Memorial(23)
25.
A few years after the divorce, my mother drove me to her new home. Everyone else was out that morning. She’d offered to show me the place. I’d said that was fine, but we’d made it to the driveway before I told her I couldn’t go inside. She looked at me for a long time, and then she opened the car door and sat on the hood. I watched her pull one cigarette after another from her purse, smoking them down. Eventually, I joined her. She offered me one, and I took it.
We smoked through an entire pack before she stepped back inside the car. I followed her, and we drove back to my neighborhood. She dropped me off. I never went back to her new place, and we never brought it up again.
26.
Nearly three weeks in, it’s almost astounding how little Mitsuko and I have talked about her son. When I tell her this, she shakes her head.
What is there to discuss? she says. What could you possibly tell me? I asked you once already and you gave me nothing.
He came out of my body, says Mitsuko. He’s a homosexual. He left his mother with a stranger. I’ve already got everything I need to know.
She’s sitting at the table, scrolling through her tablet. I’m in the kitchen, leaning over the stove.
I don’t know, I say.
Exactly, says Mitsuko. You don’t. So don’t worry about it.
Maybe you could tell me a story, I say, and Mitsuko actually laughs.
A story is an heirloom, she says. It’s a personal thing.
Okay, I say.
You don’t ask for heirlooms. They’re just given to you.
Okay, okay.
Check the rice, says Mitsuko.
I figure she’s just cutting me off, but then I look at the stove and it’s bubbling.
* * *
? ? ?
But here’s a story: Once, my father drove the entire family to Dallas. There was some sort of work convention. He figured we ought to come along. Our mother fought it—she was already on her way out by that point—but our father won her over, or he won the rest of us over, and then we bugged her incessantly.
Even if this was only a last-minute thing, we never actually went anywhere, and of course our mother didn’t trust my father to drive us kids on his own. So the four of us ended up in his Corolla, driving hours on the 10, out of the city, in the middle of the week.
I spent most of that week by the hotel pool. I made eyes with one whiteboy swimming laps in the mornings—some college kid, a few years older than me—and another one manning the lobby, and a third in the café, but by the time I’d decided they were feeling me, too, it was already time to go.
Things hadn’t gone well for my father at the conference. He’d missed out on some accolade or another. And we were halfway back home, driving five over the limit, which was twenty less than the line cruising in the lane beside us, when a cop pulled us over by a gas station in Huntsville.
The cop was young and blond. He explained to my father about speeding. He said he hadn’t wanted to stop us, but that was his job, and the law was the law—but my father was irate.
He slapped the window. He yelled. It was the most upset I’d ever seen him, shaking like he had something to prove. My father called the cop a motherfucker and a narc and a pig, and before I could even think about it, the whiteboy put him in handcuffs.
My father told the cop he didn’t know what he was doing. He’d sue him. His family. The whole fucking department. And this whiteboy held my father loose by the wrists, looking at the rest of us like why didn’t we jump out and help him.
So it was my mother who opened her mouth.
She told the cop our father didn’t mean it.
He was just scared, she said, for his family. His insurance. You know how it is.
The cop looked at her like she’d given him permission to let things go.
He smiled. She smiled back.
He let us off with a warning.
* * *
When my father got back in the car, he didn’t say a word. And we were already a few miles down the road before I realized I’d squeezed Lydia’s hand the entire time.

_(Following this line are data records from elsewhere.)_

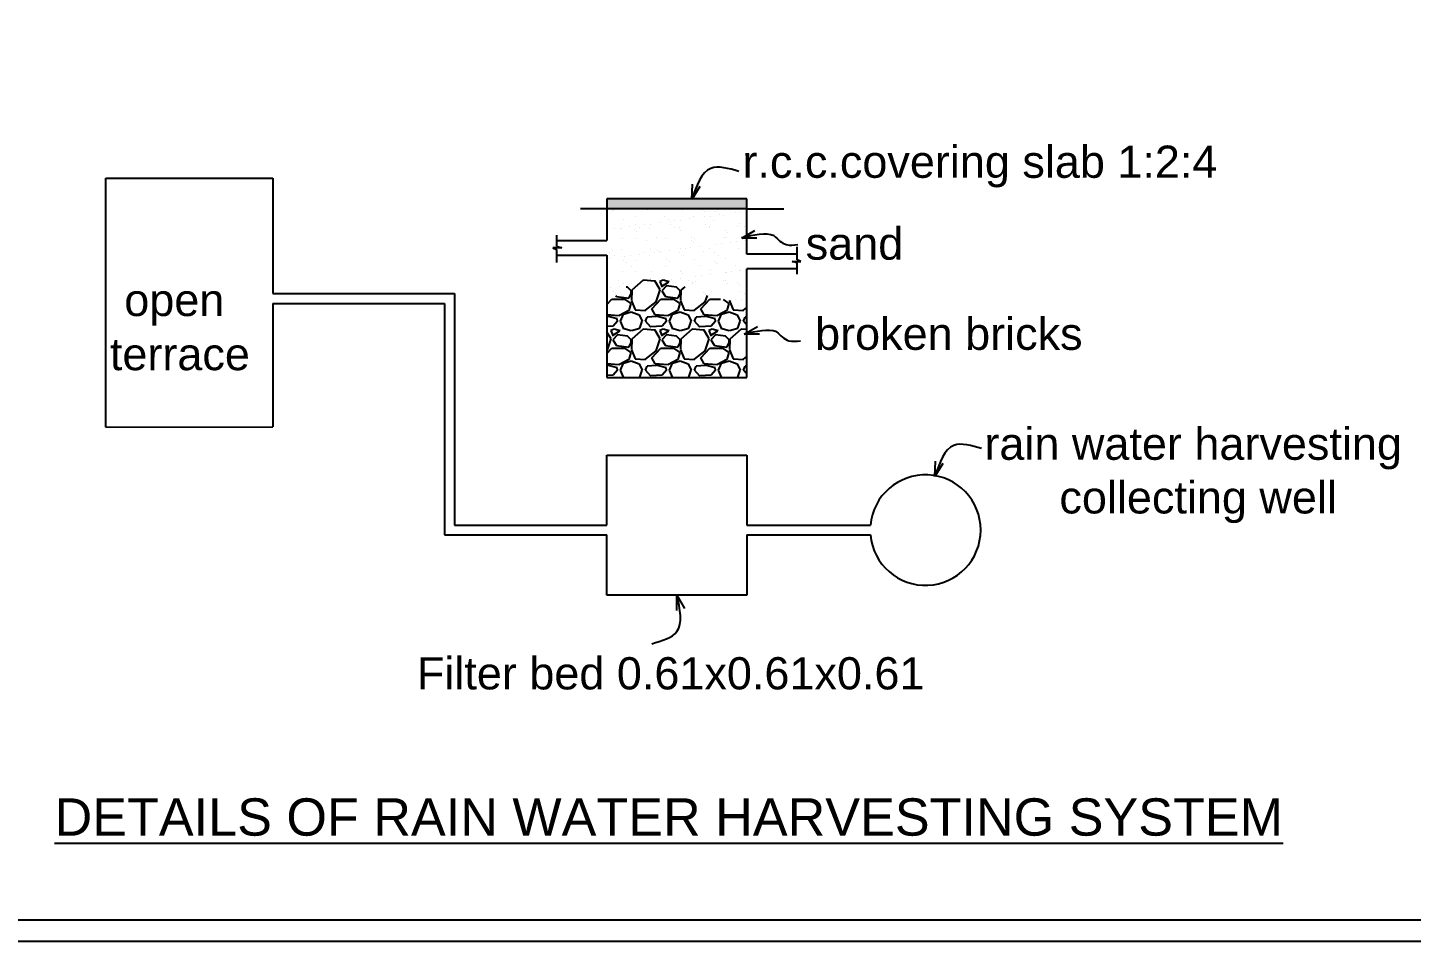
# Model space of a CAD drawing. Header units: metres. Extents: x 0 to 107, y 0 to 69.
# Drawn here: x 13.68 to 28.51, y 0 to 9.79 of the extents above; entities that cross this region are included whole.
import ezdxf

# ---------------------------------------------------------------- set-up
doc = ezdxf.new("R2010")
doc.units = ezdxf.units.M
doc.header["$LTSCALE"] = 0.2
doc.header["$MEASUREMENT"] = 0
doc.layers.get('0').update_dxf_attribs({"lineweight": 15})
doc.styles.get("Standard").update_dxf_attribs({"font": 'arial.ttf', "height": 0.25})

msp = doc.modelspace()

# ---------------------------------------------------------------- hatches: boundary and pattern name
at = {"lineweight": 25}
msp.add_hatch(color=7, dxfattribs=at).paths.add_polyline_path([(21.391, 7.954), (19.891, 7.954), (19.891, 7.849), (21.391, 7.849)])
msp.add_hatch(color=7, dxfattribs=at).paths.add_polyline_path([(21.391, 7.954), (19.891, 7.954), (19.891, 7.849), (21.391, 7.849)])

# ---------------------------------------------------------------- linework, layer by layer
at = {"color": 7, "lineweight": 25}
for p, q in [((14.521, 5.51), (14.521, 8.175)), ((14.521, 8.175), (16.311, 8.175)), ((16.311, 8.175), (16.311, 6.94)), ((21.391, 7.954), (19.891, 7.954)), ((19.891, 7.954), (19.891, 7.509)), ((21.391, 7.954), (19.891, 7.954)), ((19.891, 7.954), (19.891, 7.509)), ((21.391, 7.363), (21.391, 7.954)), ((21.391, 7.363), (21.391, 7.954)), ((19.891, 7.849), (19.607, 7.849)), ((19.891, 7.849), (19.607, 7.849)), ((21.391, 7.849), (19.891, 7.849)), ((21.391, 7.849), (19.891, 7.849)), ((21.391, 7.849), (21.788, 7.849)), ((21.391, 7.849), (21.788, 7.849)), ((19.351, 7.567), (19.351, 7.446)), ((19.351, 7.567), (19.351, 7.446)), ((19.407, 7.43), (19.313, 7.43)), ((19.313, 7.43), (19.351, 7.412)), ((19.407, 7.43), (19.313, 7.43)), ((19.313, 7.43), (19.351, 7.412)), ((19.351, 7.509), (19.891, 7.509)), ((19.351, 7.509), (19.891, 7.509)), ((19.351, 7.446), (19.407, 7.43)), ((19.351, 7.446), (19.407, 7.43)), ((21.931, 7.302), (21.931, 7.442)), ((21.931, 7.302), (21.931, 7.442)), ((19.351, 7.412), (19.351, 7.272)), ((19.351, 7.412), (19.351, 7.272)), ((19.351, 7.352), (19.891, 7.352)), ((19.351, 7.352), (19.891, 7.352)), ((19.891, 7.352), (19.891, 7.208)), ((19.891, 7.352), (19.891, 7.208)), ((21.931, 7.363), (21.391, 7.363)), ((21.931, 7.363), (21.391, 7.363)), ((21.931, 7.268), (21.875, 7.284)), ((21.875, 7.284), (21.97, 7.284)), ((21.931, 7.268), (21.875, 7.284)), ((21.875, 7.284), (21.97, 7.284)), ((21.97, 7.284), (21.931, 7.302)), ((21.97, 7.284), (21.931, 7.302)), ((21.931, 7.148), (21.931, 7.268)), ((21.931, 7.148), (21.931, 7.268)), ((19.891, 7.208), (19.891, 7.103)), ((19.891, 7.208), (19.891, 7.103)), ((21.391, 6.04), (21.391, 7.205)), ((21.931, 7.205), (21.391, 7.205)), ((21.391, 6.04), (21.391, 7.205)), ((21.931, 7.205), (21.391, 7.205)), ((19.891, 7.103), (19.891, 6.04)), ((19.891, 7.103), (19.891, 6.04)), ((16.311, 6.94), (18.257, 6.94)), ((16.311, 6.94), (18.257, 6.94)), ((16.311, 6.835), (18.152, 6.835)), ((16.311, 6.835), (18.152, 6.835)), ((16.311, 6.835), (16.311, 5.511)), ((18.152, 6.835), (18.152, 4.459)), ((18.152, 6.835), (18.152, 4.354)), ((18.257, 6.94), (18.257, 4.459)), ((18.257, 6.94), (18.257, 4.459)), ((19.891, 6.04), (21.391, 6.04)), ((19.891, 6.04), (21.391, 6.04)), ((14.521, 5.51), (16.311, 5.511)), ((19.891, 4.459), (19.891, 5.209)), ((19.891, 5.209), (21.391, 5.209)), ((19.891, 4.459), (19.891, 5.209)), ((19.891, 5.209), (21.391, 5.209)), ((21.391, 5.209), (21.391, 4.459)), ((21.391, 5.209), (21.391, 4.459)), ((18.257, 4.459), (19.891, 4.459)), ((18.257, 4.459), (19.891, 4.459)), ((21.391, 4.459), (22.714, 4.459)), ((21.391, 4.459), (22.714, 4.459)), ((18.152, 4.354), (19.891, 4.354)), ((18.152, 4.354), (19.891, 4.354)), ((19.891, 3.709), (19.891, 4.354)), ((19.891, 3.709), (19.891, 4.354)), ((21.391, 4.354), (21.391, 3.709)), ((21.391, 4.354), (22.714, 4.354)), ((21.391, 4.354), (21.391, 3.709)), ((21.391, 4.354), (22.714, 4.354)), ((21.391, 3.709), (19.891, 3.709)), ((21.391, 3.709), (19.891, 3.709))]:
    msp.add_line(p, q, dxfattribs=at)
at = {"color": 7, "linetype": 'ByBlock', "lineweight": 25}
for p, q in [((20.802, 7.948), (20.807, 8.111)), ((20.802, 7.948), (20.807, 8.111)), ((20.888, 8.087), (20.802, 7.948)), ((20.888, 8.087), (20.802, 7.948)), ((21.335, 7.534), (21.476, 7.616)), ((21.335, 7.534), (21.476, 7.616)), ((21.498, 7.535), (21.335, 7.534)), ((21.498, 7.535), (21.335, 7.534)), ((21.362, 6.504), (21.503, 6.586)), ((21.362, 6.504), (21.503, 6.586)), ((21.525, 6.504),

But he didn’t speak to my mother for the rest of that ride, or the rest of that week, or the rest of that month.
* * *
? ? ?
Mike is the only person I’ve ever passed that story off to. It took me two years.
We were at an arcade bar on Lester. He was hunched over Tekken, tapping the same two buttons.
He didn’t say anything when I finished. He just kept tapping.
Then Mike said, I get it.
You get what, I said.
I just get it, said Mike, and he fed the machine another coin.
27.
Now, sitting on the sofa with my father, we’re watching one of the Fast and the Furious movies. I made him a bowl of instant noodles, blanketed by some sliced cheese. He’s picking at them with a spoon. I spent ten minutes looking for chopsticks in the kitchen, nearly calling it quits before I found some shitty takeout disposables.
During a monologue from the Rock about defying gravity, my father says, He teach you that?
I ask him what he means. My father pantomimes with the chopsticks.
You never ate like that in my house, he says.